The goal of regenerative medicine at the HMRC is to produce functional tissue replacements to repair or replace damaged tissue. Our main focus is centered on bone and joint tissues, such as: articular cartilage, the intervertebral disc, and ligaments. These tissues are known for their limited capacity for self-repair, and are perfect candidates for regenerative medicine applications.

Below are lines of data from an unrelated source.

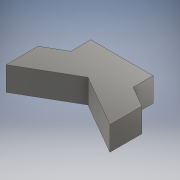
# Autodesk Inventor part: Łapka
Saved by Autodesk Inventor 2017 (Build 210142000, 142)
## iProperties
Created: 2018-05-29
Part Number: Łapka
Material: Stainless Steel, Austenitic
Document SubType Name: Modeling
Designer: Pies
Density: 8 g/cm^3
Appearance: Semi-Polished
Author: Pies
Autodesk Inventor part; units mm, degrees
ref_plane "YZ Plane" through (0, 0, 0) normal (1, 0, 0) x (0, 1, 0)
ref_plane "XZ Plane" through (0, 0, 0) normal (0, 1, 0) x (-1, 0, 0)
ref_plane "XY Plane" through (0, 0, 0) normal (0, 0, 1) x (1, 0, 0)
sketch "Sketch1" plane through (0, 0, 0) normal (0, 0, 1) x (1, 0, 0)
  line L0 (0, -8.5) -> (12.9904, -16)
  line L1 (12.9904, -16) -> (12.9904, -8)
  line L2 (0, -8.5) -> (-12.9904, -16)
  line L3 (-12.9904, -16) -> (-12.9904, -8)
  line L4 (-7.7942, 0) -> (7.7942, 0)
  line L5 (-12.9904, -8) -> (-7.7942, -5)
  line L6 (-7.7942, -5) -> (-7.7942, 0)
  line L7 (12.9904, -8) -> (7.7942, -5)
  line L8 (7.7942, -5) -> (7.7942, 0)
  point P0 (0, 0)
  constraints: 18 end point, 2 perpendicular, 2 vertical, 1 horizontal
extrude "Extrusion1" add sketch "Sketch1" along normal blind 6
sketch "Sketch2" plane through (-7.7942, 0, 0) normal (0, 1, 0) x (1, 0, 0)
  line L0 (15.5885, 0) -> (15.5885, -6) construction
  line L1 (15.5885, -3) -> (0, -3) construction
  line L2 (0, 0) -> (0, -6) construction
  point P0 (7.7942, 0)
  point P1 (11.5885, -3)
  point P2 (4, -3)
  constraints: 2 end point, 2 midpoint, 2 point on line
hole "Hole2" at (3.7942, 0, 3) at (-3.7942, 0, 3) direction (0, -1, 0) diameter 3.2 depth 5 clearance for "Hex Head Cap Screw ISO 24017" size "M3" standard "ISO"
body "Solid1"

Research conducted within the HMRC covers a wide variety of regenerative medicine techniques in order to produce functional tissue replacements. These include the design, synthesis and characterization of new polymer biomaterials, the design of cell/tissue scaffolds, the development of tissue-specific bioreactors, and applied stem cell biology to engineer new cell-based therapies.
What is Tissue Engineering?
Tissue engineering is the development and manipulation of laboratory-grown molecules, cells, tissues, or organs to replace or support the function of defective or injured body parts. Tissue engineering holds great promise for the treatment of numerous diseases, disorders, and traumas. The long-term objective in the field is to create tissue substitutes that will fully integrate into the body, promoting regeneration and restoring lost function.
Tissue Engineering using Adipose-derived Stem Cells
One common approach is to seed a supporting scaffold with cells that will contribute to the developing tissues while defining and maintaining the desired three dimensional shape. Adipose tissue (fat) may be an ideal cell source for tissue engineering, as most patients are able to donate a small sample for cell isolation without any adverse effects. As well, using the patient's own cells avoids problems with immune rejection. Adipose-derived stem cells (ASC) are a population of multipotent mesenchymal stem cells and more-committed progenitors that are found within fat.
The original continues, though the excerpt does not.